This is the 1st post in a series on System Design.
“Scalability is the property of a system to handle a growing amount of work by adding resources to the system.” — Wikipedia
Software systems that can accommodate growth are referred to as scalable in software engineering. Scalability refers to how well a software system can cope with growth in some area of its operation. Operational dimensions include:
- The number of simultaneous requests a system can handle from users or external sources.
- A system’s ability to process and manage a large amount of data.
- Through predictive analytics, a system can derive value from its stored data.
- Maintaining a stable, consistent response time as the request load increases.
Scaling up or scaling out refers to increasing a system’s capability in some dimension by increasing resources. Similarly, scaling down or scaling in refers to decreasing resources.
Internet Live Stats lets you view live internet traffic for numerous services. There are some staggering statistics about Google searches, tweets, and blog posts written per day if you dig around. The data is not real, but rather estimates derived from multiple data sources analyzed statistically.

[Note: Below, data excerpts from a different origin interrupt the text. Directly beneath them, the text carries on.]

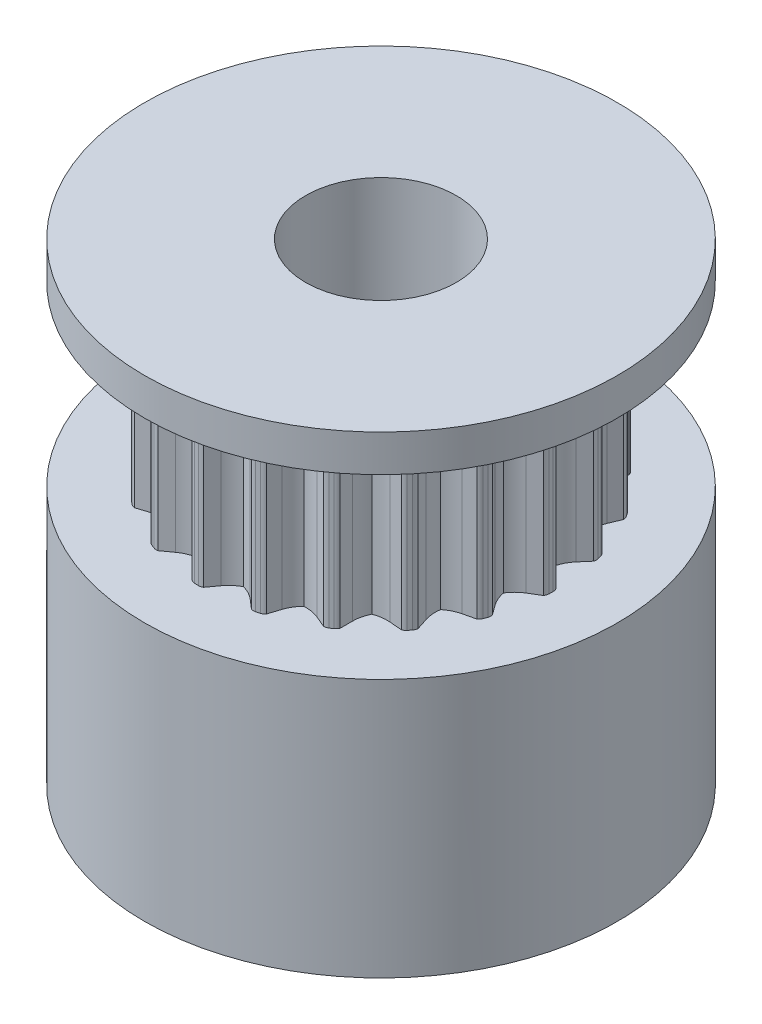
SolidWorks part; units mm, degrees
ref_plane "前视基准面" through (0, 0, 0) normal (0, 0, 1) x (1, 0, 0)
ref_plane "上视基准面" through (0, 0, 0) normal (0, 1, 0) x (1, 0, 0)
ref_plane "右视基准面" through (0, 0, 0) normal (1, 0, 0) x (0, 0, -1)
other "Configuration Table"
sketch "草图1" plane through (0, 0, 0) normal (0, 1, 0) x (1, 0, 0)
  line L2 (-3.3768, 4.9596) -> (-3.2674, 5.0323)
  line L3 (-3.4667, 4.8471) -> (-3.4667, 4.4267)
  line L4 (-3.1289, 5.0717) -> (-2.7413, 4.9091)
  line L5 (-1.6789, 5.7603) -> (-1.5524, 5.7957)
  line L6 (-1.7992, 5.6811) -> (-1.9291, 5.2813)
  line L7 (-1.4085, 5.7904) -> (-1.0901, 5.5159)
  line L8 (0.1833, 5.9972) -> (0.3145, 5.9918)
  line L9 (0.0445, 5.9591) -> (-0.2026, 5.619)
  line L10 (0.4497, 5.9422) -> (0.6678, 5.5828)
  line L11 (2.0276, 5.647) -> (2.1507, 5.6013)
  line L12 (1.8837, 5.6537) -> (1.5436, 5.4066)
  line L13 (2.264, 5.5124) -> (2.3603, 5.1032)
  line L14 (3.6734, 4.7441) -> (3.7763, 4.6626)
  line L15 (3.5386, 4.7949) -> (3.1388, 4.665)
  line L16 (3.8566, 4.543) -> (3.8218, 4.1241)
  line L17 (4.9596, 3.3768) -> (5.0323, 3.2674)
  line L18 (4.8471, 3.4667) -> (4.4267, 3.4667)
  line L19 (5.0717, 3.1289) -> (4.9091, 2.7413)
  line L20 (5.7603, 1.6789) -> (5.7957, 1.5524)
  line L21 (5.6811, 1.7992) -> (5.2813, 1.9291)
  line L22 (5.7904, 1.4085) -> (5.5159, 1.0901)
  line L23 (5.9972, -0.1833) -> (5.9918, -0.3145)
  line L24 (5.9591, -0.0445) -> (5.619, 0.2026)
  line L25 (5.9422, -0.4497) -> (5.5828, -0.6678)
  line L26 (5.647, -2.0276) -> (5.6013, -2.1507)
  line L27 (5.6537, -1.8837) -> (5.4066, -1.5436)
  line L28 (5.5124, -2.264) -> (5.1032, -2.3603)
  line L29 (4.7441, -3.6734) -> (4.6626, -3.7763)
  line L30 (4.7949, -3.5386) -> (4.665, -3.1388)
  line L31 (4.543, -3.8566) -> (4.1241, -3.8218)
  line L32 (3.3768, -4.9596) -> (3.2674, -5.0323)
  line L33 (3.4667, -4.8471) -> (3.4667, -4.4267)
  line L34 (3.1289, -5.0717) -> (2.7413, -4.9091)
  line L35 (1.6789, -5.7603) -> (1.5524, -5.7957)
  line L36 (1.7992, -5.6811) -> (1.9291, -5.2813)
  line L37 (1.4085, -5.7904) -> (1.0901, -5.5159)
  line L38 (-0.1833, -5.9972) -> (-0.3145, -5.9918)
  line L39 (-0.0445, -5.9591) -> (0.2026, -5.619)
  line L40 (-0.4497, -5.9422) -> (-0.6678, -5.5828)
  line L41 (-2.0276, -5.647) -> (-2.1507, -5.6013)
  line L42 (-1.8837, -5.6537) -> (-1.5436, -5.4066)
  line L43 (-2.264, -5.5124) -> (-2.3603, -5.1032)
  line L44 (-3.6734, -4.7441) -> (-3.7763, -4.6626)
  line L45 (-3.5386, -4.7949) -> (-3.1388, -4.665)
  line L46 (-3.8566, -4.543) -> (-3.8218, -4.1241)
  line L47 (-4.9596, -3.3768) -> (-5.0323, -3.2674)
  line L48 (-4.8471, -3.4667) -> (-4.4267, -3.4667)
  line L49 (-5.0717, -3.1289) -> (-4.9091, -2.7413)
  line L50 (-5.7603, -1.6789) -> (-5.7957, -1.5524)
  line L51 (-5.6811, -1.7992) -> (-5.2813, -1.9291)
  line L52 (-5.7904, -1.4085) -> (-5.5159, -1.0901)
  line L53 (-5.9972, 0.1833) -> (-5.9918, 0.3145)
  line L54 (-5.9591, 0.0445) -> (-5.619, -0.2026)
  line L55 (-5.9422, 0.4497) -> (-5.5828, 0.6678)
  line L56 (-5.647, 2.0276) -> (-5.6013, 2.1507)
  line L57 (-5.6537, 1.8837) -> (-5.4066, 1.5436)
  line L58 (-5.5124, 2.264) -> (-5.1032, 2.3603)
  line L59 (-4.7441, 3.6734) -> (-4.6626, 3.7763)
  line L60 (-4.7949, 3.5386) -> (-4.665, 3.1388)
  line L61 (-4.543, 3.8566) -> (-4.1241, 3.8218)
  arc A1 (-3.4667, 4.4267) -> (-3.5892, 3.9002) centre (-4.6588, 4.4267) cw
  arc A2 (-3.3768, 4.9596) -> (-3.4667, 4.8471) centre (-3.2292, 4.7494) ccw
  arc A3 (-2.7413, 4.9091) -> (-2.2083, 4.8185) centre (-2.2801, 6.0085) ccw
  arc A4 (-3.2674, 5.0323) -> (-3.1289, 5.0717) centre (-3.1307, 4.8149) cw
  arc A5 (-1.9291, 5.2813) -> (-2.2083, 4.8185) centre (-3.0629, 5.6497) cw
  arc A6 (-1.6789, 5.7603) -> (-1.7992, 5.6811) centre (-1.6035, 5.5148) ccw
  arc A7 (-1.5524, 5.7957) -> (-1.4085, 5.7904) centre (-1.4896, 5.5467) cw
  arc A8 (-1.0901, 5.5159) -> (-0.6113, 5.2651) centre (-0.3118, 6.419) ccw
  arc A9 (-0.2026, 5.619) -> (-0.6113, 5.2651) centre (-1.1671, 6.3197) cw
  arc A10 (0.1833, 5.9972) -> (0.0445, 5.9591) centre (0.1792, 5.7404) ccw
  arc A11 (0.3145, 5.9918) -> (0.4497, 5.9422) centre (0.2974, 5.7355) cw
  arc A12 (0.6678, 5.5828) -> (1.0457, 5.1963) centre (1.687, 6.2012) ccw
  arc A13 (1.5436, 5.4066) -> (1.0457, 5.1963) centre (0.8429, 6.371) cw
  arc A14 (2.0276, 5.647) -> (1.8837, 5.6537) centre (1.9443, 5.4041) ccw
  arc A15 (2.1507, 5.6013) -> (2.264, 5.5124) centre (2.0552, 5.3629) cw
  arc A16 (2.3603, 5.1032) -> (2.6002, 4.6188) centre (3.5207, 5.3764) ccw
  arc A17 (3.1388, 4.665) -> (2.6002, 4.6188) centre (2.7704, 5.7987) cw
  arc A18 (3.6734, 4.7441) -> (3.5386, 4.7949) centre (3.5191, 4.5388) ccw
  arc A19 (3.7763, 4.6626) -> (3.8566, 4.543) centre (3.6118, 4.4653) cw
  arc A20 (3.8218, 4.1241) -> (3.9002, 3.5892) centre (5.0098, 4.0253) ccw
  arc A21 (4.4267, 3.4667) -> (3.9002, 3.5892) centre (4.4267, 4.6588) cw
  arc A22 (4.9596, 3.3768) -> (4.8471, 3.4667) centre (4.7494, 3.2292) ccw
  arc A23 (5.0323, 3.2674) -> (5.0717, 3.1289) centre (4.8149, 3.1307) cw
  arc A24 (4.9091, 2.7413) -> (4.8185, 2.2083) centre (6.0085, 2.2801) ccw
  arc A25 (5.2813, 1.9291) -> (4.8185, 2.2083) centre (5.6497, 3.0629) cw
  arc A26 (5.7603, 1.6789) -> (5.6811, 1.7992) centre (5.5148, 1.6035) ccw
  arc A27 (5.7957, 1.5524) -> (5.7904, 1.4085) centre (5.5467, 1.4896) cw
  arc A28 (5.5159, 1.0901) -> (5.2651, 0.6113) centre (6.419, 0.3118) ccw
  arc A29 (5.619, 0.2026) -> (5.2651, 0.6113) centre (6.3197, 1.1671) cw
  arc A30 (5.9972, -0.1833) -> (5.9591, -0.0445) centre (5.7404, -0.1792) ccw
  arc A31 (5.9918, -0.3145) -> (5.9422, -0.4497) centre (5.7355, -0.2974) cw
  arc A32 (5.5828, -0.6678) -> (5.1963, -1.0457) centre (6.2012, -1.687) ccw
  arc A33 (5.4066, -1.5436) -> (5.1963, -1.0457) centre (6.371, -0.8429) cw
  arc A34 (5.647, -2.0276) -> (5.6537, -1.8837) centre (5.4041, -1.9443) ccw
  arc A35 (5.6013, -2.1507) -> (5.5124, -2.264) centre (5.3629, -2.0552) cw
  arc A36 (5.1032, -2.3603) -> (4.6188, -2.6002) centre (5.3764, -3.5207) ccw
  arc A37 (4.665, -3.1388) -> (4.6188, -2.6002) centre (5.7987, -2.7704) cw
  arc A38 (4.7441, -3.6734) -> (4.7949, -3.5386) centre (4.5388, -3.5191) ccw
  arc A39 (4.6626, -3.7763) -> (4.543, -3.8566) centre (4.4653, -3.6118) cw
  arc A40 (4.1241, -3.8218) -> (3.5892, -3.9002) centre (4.0253, -5.0098) ccw
  arc A41 (3.4667, -4.4267) -> (3.5892, -3.9002) centre (4.6588, -4.4267) cw
  arc A42 (3.3768, -4.9596) -> (3.4667, -4.8471) centre (3.2292, -4.7494) ccw
  arc A43 (3.2674, -5.0323) -> (3.1289, -5.0717) centre (3.1307, -4.8149) cw
  arc A44 (2.7413, -4.9091) -> (2.2083, -4.8185) centre (2.2801, -6.0085) ccw
  arc A45 (1.9291, -5.2813) -> (2.2083, -4.8185) centre (3.0629, -5.6497) cw
  arc A46 (1.6789, -5.7603) -> (1.7992, -5.6811) centre (1.6035, -5.5148) ccw
  arc A47 (1.5524, -5.7957) -> (1.4085, -5.7904) centre (1.4896, -5.5467) cw
  arc A48 (1.0901, -5.5159) -> (0.6113, -5.2651) centre (0.3118, -6.419) ccw
  arc A49 (0.2026, -5.619) -> (0.6113, -5.2651) centre (1.1671, -6.3197) cw
  arc A50 (-0.1833, -5.9972) -> (-0.0445, -5.9591) centre (-0.1792, -5.7404) ccw
  arc A51 (-0.3145, -5.9918) -> (-0.4497, -5.9422) centre (-0.2974, -5.7355) cw
  arc A52 (-0.6678, -5.5828) -> (-1.0457, -5.1963) centre (-1.687, -6.2012) ccw
  arc A53 (-1.5436, -5.4066) -> (-1.0457, -5.1963) centre (-0.8429, -6.371) cw
  arc A54 (-2.0276, -5.647) -> (-1.8837, -5.6537) centre (-1.9443, -5.4041) ccw
  arc A55 (-2.1507, -5.6013) -> (-2.264, -5.5124) centre (-2.0552, -5.3629) cw
  arc A56 (-2.3603, -5.1032) -> (-2.6002, -4.6188) centre (-3.5207, -5.3764) ccw
  arc A57 (-3.1388, -4.665) -> (-2.6002, -4.6188) centre (-2.7704, -5.7987) cw
  arc A58 (-3.6734, -4.7441) -> (-3.5386, -4.7949) centre (-3.5191, -4.5388) ccw
  arc A59 (-3.7763, -4.6626) -> (-3.8566, -4.543) centre (-3.6118, -4.4653) cw
  arc A60 (-3.8218, -4.1241) -> (-3.9002, -3.5892) centre (-5.0098, -4.0253) ccw
  arc A61 (-4.4267, -3.4667) -> (-3.9002, -3.5892) centre (-4.4267, -4.6588) cw
  arc A62 (-4.9596, -3.3768) -> (-4.8471, -3.4667) centre (-4.7494, -3.2292) ccw
  arc A63 (-5.0323, -3.2674) -> (-5.0717, -3.1289) centre (-4.8149, -3.1307) cw
  arc A64 (-4.9091, -2.7413) -> (-4.8185, -2.2083) centre (-6.0085, -2.2801) ccw
  arc A65 (-5.2813, -1.9291) -> (-4.8185, -2.2083) centre (-5.6497, -3.0629) cw
  arc A66 (-5.7603, -1.6789) -> (-5.6811, -1.7992) centre (-5.5148, -1.6035) ccw
  arc A67 (-5.7957, -1.5524) -> (-5.7904, -1.4085) centre (-5.5467, -1.4896) cw
  arc A68 (-5.5159, -1.0901) -> (-5.2651, -0.6113) centre (-6.419, -0.3118) ccw
  arc A69 (-5.619, -0.2026) -> (-5.2651, -0.6113) centre (-6.3197, -1.1671) cw
  arc A70 (-5.9972, 0.1833) -> (-5.9591, 0.0445) centre (-5.7404, 0.1792) ccw
  arc A71 (-5.9918, 0.3145) -> (-5.9422, 0.4497) centre (-5.7355, 0.2974) cw
  arc A72 (-5.5828, 0.6678) -> (-5.1963, 1.0457) centre (-6.2012, 1.687) ccw
  arc A73 (-5.4066, 1.5436) -> (-5.1963, 1.0457) centre (-6.371, 0.8429) cw
  arc A74 (-5.647, 2.0276) -> (-5.6537, 1.8837) centre (-5.4041, 1.9443) ccw
  arc A75 (-5.6013, 2.1507) -> (-5.5124, 2.264) centre (-5.3629, 2.0552) cw
  arc A76 (-5.1032, 2.3603) -> (-4.6188, 2.6002) centre (-5.3764, 3.5207) ccw
  arc A77 (-4.665, 3.1388) -> (-4.6188, 2.6002) centre (-5.7987, 2.7704) cw
  arc A78 (-4.7441, 3.6734) -> (-4.7949, 3.5386) centre (-4.5388, 3.5191) ccw
  arc A79 (-4.6626, 3.7763) -> (-4.543, 3.8566) centre (-4.4653, 3.6118) cw
  arc A80 (-4.1241, 3.8218) -> (-3.5892, 3.9002) centre (-4.0253, 5.0098) ccw
  point P247 (0, 0)
  dimension "D1" = 20
extrude "凸台-拉伸1" add sketch "草图1" along normal mid plane 6
sketch "草图3" plane through (0, 3, 0) normal (0, 1, 0) x (1, 0, 0)
  circle A0 centre (0, 0) radius 8
  dimension "D1" = 16
extrude "凸台-拉伸2" add sketch "草图3" along normal blind 1.25
mirror "镜向1" about plane through (0, 0, 0) normal (0, 1, 0) of "凸台-拉伸2"
sketch "草图4" plane through (0, 4.25, 0) normal (0, 1, 0) x (1, 0, 0)
  circle A0 centre (0, 0) radius 2.55
  dimension "D1" = 5.1
extrude "切除-拉伸1" cut sketch "草图4" against normal through all
sketch "草图6" plane through (0, 0, 0) normal (0, 0, 1) x (1, 0, 0)
  line L0 (-8, -4.25) -> (-8, -11.75)
  line L1 (-8, -11.75) -> (0, -11.75)
  line L2 (0, -11.75) -> (0, -4.25) construction
  line L3 (-8, -4.25) -> (8, -4.25) construction
  line L4 (8, 4.25) -> (-8, 4.25) construction
  line L5 (-8, -4.25) -> (0, -4.25)
  line L6 (-2.5, -4.25) -> (-2.5, -11.75)
  dimension "D1" = 16
  dimension "D2" = 5
revolve "旋转1" add sketch "草图6" angle 360 about L2

Design Principles of Scalability
The purpose of scaling a system is to increase its capacity in some application-specific dimension. A common dimension is increasing the number of requests that a system can handle in a given time frame. This is known as the system’s throughput.
Replication and optimization are the two basic principles for scaling our systems.
Our first strategy in software systems is to increase capacity.
To increase throughput, we replicate the software processing resources to increase capacity. Replication is easy in cloud-based software systems, and we can replicate processing resources thousands of times with the click of a mouse. Adding capacity to processing paths that aren’t overburdened will add unnecessary costs without improving scalability.
An application can be scaled vertically or horizontally.
Vertical scaling — To handle increased loads, a system is vertically scaled by adding more resources to its existing nodes.
Horizontal scaling — System resources can be increased by adding more servers with similar hardware.
The second strategy for scalability is optimization.
We can increase our capacity without increasing our resources if we can use more efficient algorithms, add more indexes to our databases, or even rewrite our server in a faster programming language.
Scalability and Costs
Imagine a web-based system that can handle 1,000 concurrent requests with a mean response time of 1 second. Business requirements require scaling up this system to handle 10,000 concurrent requests with the same response time. A simple load test of this system reveals its performance without making any changes.
With the projected load, we see a steady increase in mean response time to 15 seconds. Clearly, this does not meet our requirements in its current deployment configuration. The system doesn’t scale.
In order to achieve the required performance, some engineering effort is required. This graph shows the system’s performance after this effort has been modified. With 10,000 concurrent requests, it now provides the specified response time. As a result, the system has been scaled successfully.
However, a major question remains. How much effort and resources were required to achieve this performance? Perhaps it was simply a matter of running the web server on a more powerful (virtual) machine. The process of reprovisioning a cloud might take no more than 30 minutes. A slightly more complex configuration would be to run multiple instances of the webserver to increase capacity. With no code changes required, this should be a simple, low-cost configuration change for the application. It would be an excellent outcome if these outcomes were achieved.
Scaling a system isn’t always easy. Several reasons may explain this, but here are a few:
- With 10,000 requests per second, the database becomes less responsive, requiring an upgrade.
- The web server generates a lot of content dynamically, which reduces response time. Changing the code to generate content more efficiently could reduce processing time per request.
- When many requests attempt to access and update the same records simultaneously, hotspots in the database are created. Redesigning the schema and reloading the database, along with code changes to the data access layer, are required.
- It was decided to choose a web server framework that emphasized ease of development over scalability. Due to its model, the code cannot be scaled to meet the requested load requirements, and a complete rewrite is necessary. Would you like to use another framework? Would it be possible to use another programming language?
Systems that are not intrinsically scalable may incur huge downstream costs and resources when they are expanded to meet requirements.
Hyperscale systems are software systems that scale exponentially while costs grow linearly.
Scalability Testing Characteristics
There are distinguishable characteristics of scalability tests. Their focus is on:
- Usage of memory
- Usage of the CPU
- Usage of network bandwidth
- Load times
- Time to respond
- Requests processed
In general, availability and scalability are highly compatible. By replicating resources, we create multiple instances of services that can handle requests from any user. In the event that one of our instances fails, the others remain available. Due to a failed, unavailable resource, the system just suffers from reduced capacity.
Scalability and availability become complicated when the state is involved. Consider a database. Whenever a state is replicated for scalability and availability, consistency is a concern.
An application’s ability to scale quickly and cost-effectively should be a defining characteristic of its software architecture. There are two basic ways to achieve scalability, namely by increasing system capacity, typically through replication, and by optimizing system performance.